● **Brief**:
Beginning at the line that includes "#72=EDGE_LOOP('',(#71));", print each remaining line of the data word for word. Output nothing else.

● **Records for this task**:
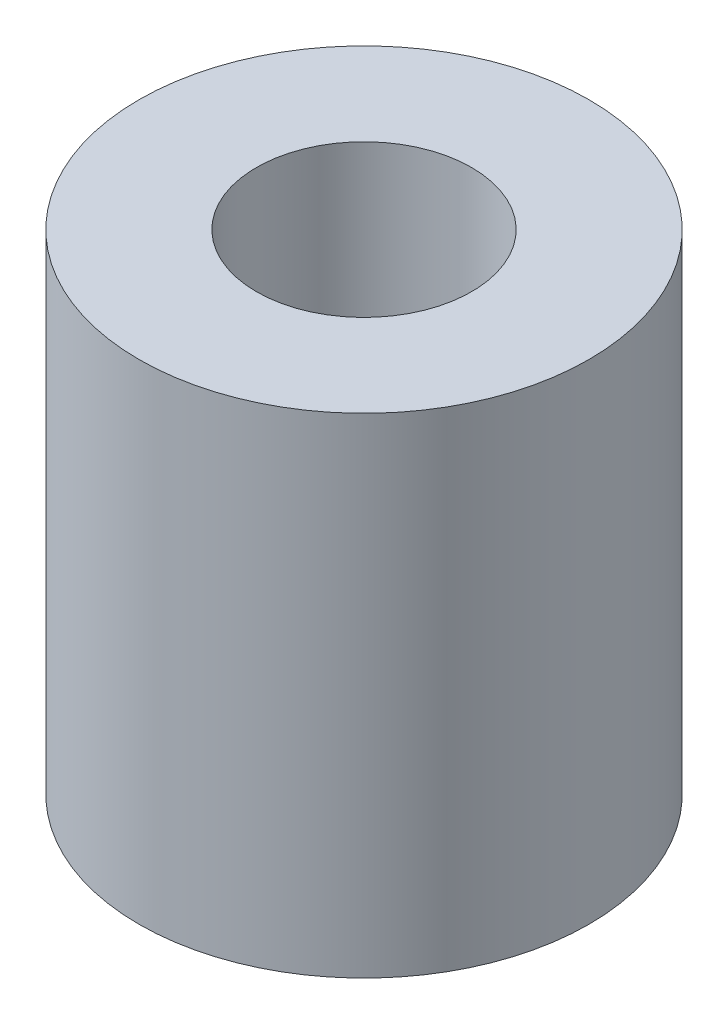
ISO-10303-21;
HEADER;
FILE_DESCRIPTION(('STEP AP214'),'2;1');
FILE_NAME('part.step','',(''),(''),'','','');
FILE_SCHEMA(('AUTOMOTIVE_DESIGN { 1 0 10303 214 1 1 1 1 }'));
ENDSEC;
DATA;
#1=APPLICATION_CONTEXT('core data for automotive mechanical design processes');
#2=APPLICATION_PROTOCOL_DEFINITION('international standard','automotive_design',2000,#1);
#3=PRODUCT_CONTEXT('',#1,'mechanical');
#4=PRODUCT('Part','Part','',(#3));
#5=PRODUCT_RELATED_PRODUCT_CATEGORY('part','',(#4));
#6=PRODUCT_DEFINITION_FORMATION('','',#4);
#7=PRODUCT_DEFINITION_CONTEXT('part definition',#1,'design');
#8=PRODUCT_DEFINITION('design','',#6,#7);
#9=PRODUCT_DEFINITION_SHAPE('','',#8);
#10=(LENGTH_UNIT() NAMED_UNIT(*) SI_UNIT(.MILLI.,.METRE.));
#11=(NAMED_UNIT(*) PLANE_ANGLE_UNIT() SI_UNIT($,.RADIAN.));
#12=(NAMED_UNIT(*) SI_UNIT($,.STERADIAN.) SOLID_ANGLE_UNIT());
#13=UNCERTAINTY_MEASURE_WITH_UNIT(LENGTH_MEASURE(1.E-05),#10,'distance_accuracy_value','');
#14=(GEOMETRIC_REPRESENTATION_CONTEXT(3) GLOBAL_UNCERTAINTY_ASSIGNED_CONTEXT((#13)) GLOBAL_UNIT_ASSIGNED_CONTEXT((#10,
#11,#12)) REPRESENTATION_CONTEXT('',''));
#15=CARTESIAN_POINT('',(0.,0.,0.));
#16=DIRECTION('',(0.,0.,1.));
#17=DIRECTION('',(1.,0.,0.));
#18=AXIS2_PLACEMENT_3D('',#15,#16,#17);
#19=CARTESIAN_POINT('',(0.,25.,0.));
#20=DIRECTION('',(0.,1.,0.));
#21=DIRECTION('',(0.,0.,1.));
#22=AXIS2_PLACEMENT_3D('',#19,#20,#21);
#23=PLANE('',#22);
#24=CARTESIAN_POINT('',(0.,25.,0.));
#25=DIRECTION('',(0.,1.,0.));
#26=DIRECTION('',(0.,0.,1.));
#27=AXIS2_PLACEMENT_3D('',#24,#25,#26);
#28=CIRCLE('',#27,11.5);
#29=CARTESIAN_POINT('',(0.,25.,11.5));
#30=VERTEX_POINT('',#29);
#31=EDGE_CURVE('E10',#30,#30,#28,.T.);
#32=ORIENTED_EDGE('',*,*,#31,.T.);
#33=EDGE_LOOP('',(#32));
#34=FACE_BOUND('',#33,.T.);
#35=CARTESIAN_POINT('',(0.,25.,0.));
#36=DIRECTION('',(0.,1.,0.));
#37=DIRECTION('',(0.,0.,1.));
#38=AXIS2_PLACEMENT_3D('',#35,#36,#37);
#39=CIRCLE('',#38,5.5);
#40=CARTESIAN_POINT('',(0.,25.,5.5));
#41=VERTEX_POINT('',#40);
#42=EDGE_CURVE('E50',#41,#41,#39,.T.);
#43=ORIENTED_EDGE('',*,*,#42,.F.);
#44=EDGE_LOOP('',(#43));
#45=FACE_BOUND('',#44,.T.);
#46=ADVANCED_FACE('F37',(#34,#45),#23,.T.);
#47=CARTESIAN_POINT('',(0.,0.,0.));
#48=DIRECTION('',(0.,1.,0.));
#49=DIRECTION('',(0.,0.,1.));
#50=AXIS2_PLACEMENT_3D('',#47,#48,#49);
#51=PLANE('',#50);
#52=CARTESIAN_POINT('',(0.,0.,0.));
#53=DIRECTION('',(0.,1.,0.));
#54=DIRECTION('',(0.,0.,1.));
#55=AXIS2_PLACEMENT_3D('',#52,#53,#54);
#56=CIRCLE('',#55,11.5);
#57=CARTESIAN_POINT('',(0.,0.,11.5));
#58=VERTEX_POINT('',#57);
#59=EDGE_CURVE('E41',#58,#58,#56,.T.);
#60=ORIENTED_EDGE('',*,*,#59,.F.);
#61=EDGE_LOOP('',(#60));
#62=FACE_BOUND('',#61,.T.);
#63=CARTESIAN_POINT('',(0.,0.,0.));
#64=DIRECTION('',(0.,1.,0.));
#65=DIRECTION('',(0.,0.,1.));
#66=AXIS2_PLACEMENT_3D('',#63,#64,#65);
#67=CIRCLE('',#66,5.5);
#68=CARTESIAN_POINT('',(0.,0.,5.5));
#69=VERTEX_POINT('',#68);
#70=EDGE_CURVE('E52',#69,#69,#67,.T.);
#71=ORIENTED_EDGE('',*,*,#70,.T.);
#72=EDGE_LOOP('',(#71));
#73=FACE_BOUND('',#72,.T.);
#74=ADVANCED_FACE('F64',(#62,#73),#51,.F.);
#75=CARTESIAN_POINT('',(0.,25.,0.));
#76=DIRECTION('',(0.,-1.,0.));
#77=DIRECTION('',(0.,0.,-1.));
#78=AXIS2_PLACEMENT_3D('',#75,#76,#77);
#79=CYLINDRICAL_SURFACE('',#78,11.5);
#80=ORIENTED_EDGE('',*,*,#31,.F.);
#81=EDGE_LOOP('',(#80));
#82=FACE_BOUND('',#81,.T.);
#83=ORIENTED_EDGE('',*,*,#59,.T.);
#84=EDGE_LOOP('',(#83));
#85=FACE_BOUND('',#84,.T.);
#86=ADVANCED_FACE('F39',(#82,#85),#79,.T.);
#87=CARTESIAN_POINT('',(0.,25.,0.));
#88=DIRECTION('',(0.,-1.,0.));
#89=DIRECTION('',(0.,0.,-1.));
#90=AXIS2_PLACEMENT_3D('',#87,#88,#89);
#91=CYLINDRICAL_SURFACE('',#90,5.5);
#92=ORIENTED_EDGE('',*,*,#42,.T.);
#93=EDGE_LOOP('',(#92));
#94=FACE_BOUND('',#93,.T.);
#95=ORIENTED_EDGE('',*,*,#70,.F.);
#96=EDGE_LOOP('',(#95));
#97=FACE_BOUND('',#96,.T.);
#98=ADVANCED_FACE('F60',(#94,#97),#91,.F.);
#99=CLOSED_SHELL('',(#46,#74,#86,#98));
#100=MANIFOLD_SOLID_BREP('B2',#99);
#101=ADVANCED_BREP_SHAPE_REPRESENTATION('',(#18,#100),#14);
#102=SHAPE_DEFINITION_REPRESENTATION(#9,#101);
ENDSEC;
END-ISO-10303-21;

● **The answer**:
#72=EDGE_LOOP('',(#71));
#73=FACE_BOUND('',#72,.T.);
#74=ADVANCED_FACE('F64',(#62,#73),#51,.F.);
#75=CARTESIAN_POINT('',(0.,25.,0.));
#76=DIRECTION('',(0.,-1.,0.));
#77=DIRECTION('',(0.,0.,-1.));
#78=AXIS2_PLACEMENT_3D('',#75,#76,#77);
#79=CYLINDRICAL_SURFACE('',#78,11.5);
#80=ORIENTED_EDGE('',*,*,#31,.F.);
#81=EDGE_LOOP('',(#80));
#82=FACE_BOUND('',#81,.T.);
#83=ORIENTED_EDGE('',*,*,#59,.T.);
#84=EDGE_LOOP('',(#83));
#85=FACE_BOUND('',#84,.T.);
#86=ADVANCED_FACE('F39',(#82,#85),#79,.T.);
#87=CARTESIAN_POINT('',(0.,25.,0.));
#88=DIRECTION('',(0.,-1.,0.));
#89=DIRECTION('',(0.,0.,-1.));
#90=AXIS2_PLACEMENT_3D('',#87,#88,#89);
#91=CYLINDRICAL_SURFACE('',#90,5.5);
#92=ORIENTED_EDGE('',*,*,#42,.T.);
#93=EDGE_LOOP('',(#92));
#94=FACE_BOUND('',#93,.T.);
#95=ORIENTED_EDGE('',*,*,#70,.F.);
#96=EDGE_LOOP('',(#95));
#97=FACE_BOUND('',#96,.T.);
#98=ADVANCED_FACE('F60',(#94,#97),#91,.F.);
#99=CLOSED_SHELL('',(#46,#74,#86,#98));
#100=MANIFOLD_SOLID_BREP('B2',#99);
#101=ADVANCED_BREP_SHAPE_REPRESENTATION('',(#18,#100),#14);
#102=SHAPE_DEFINITION_REPRESENTATION(#9,#101);
ENDSEC;
END-ISO-10303-21;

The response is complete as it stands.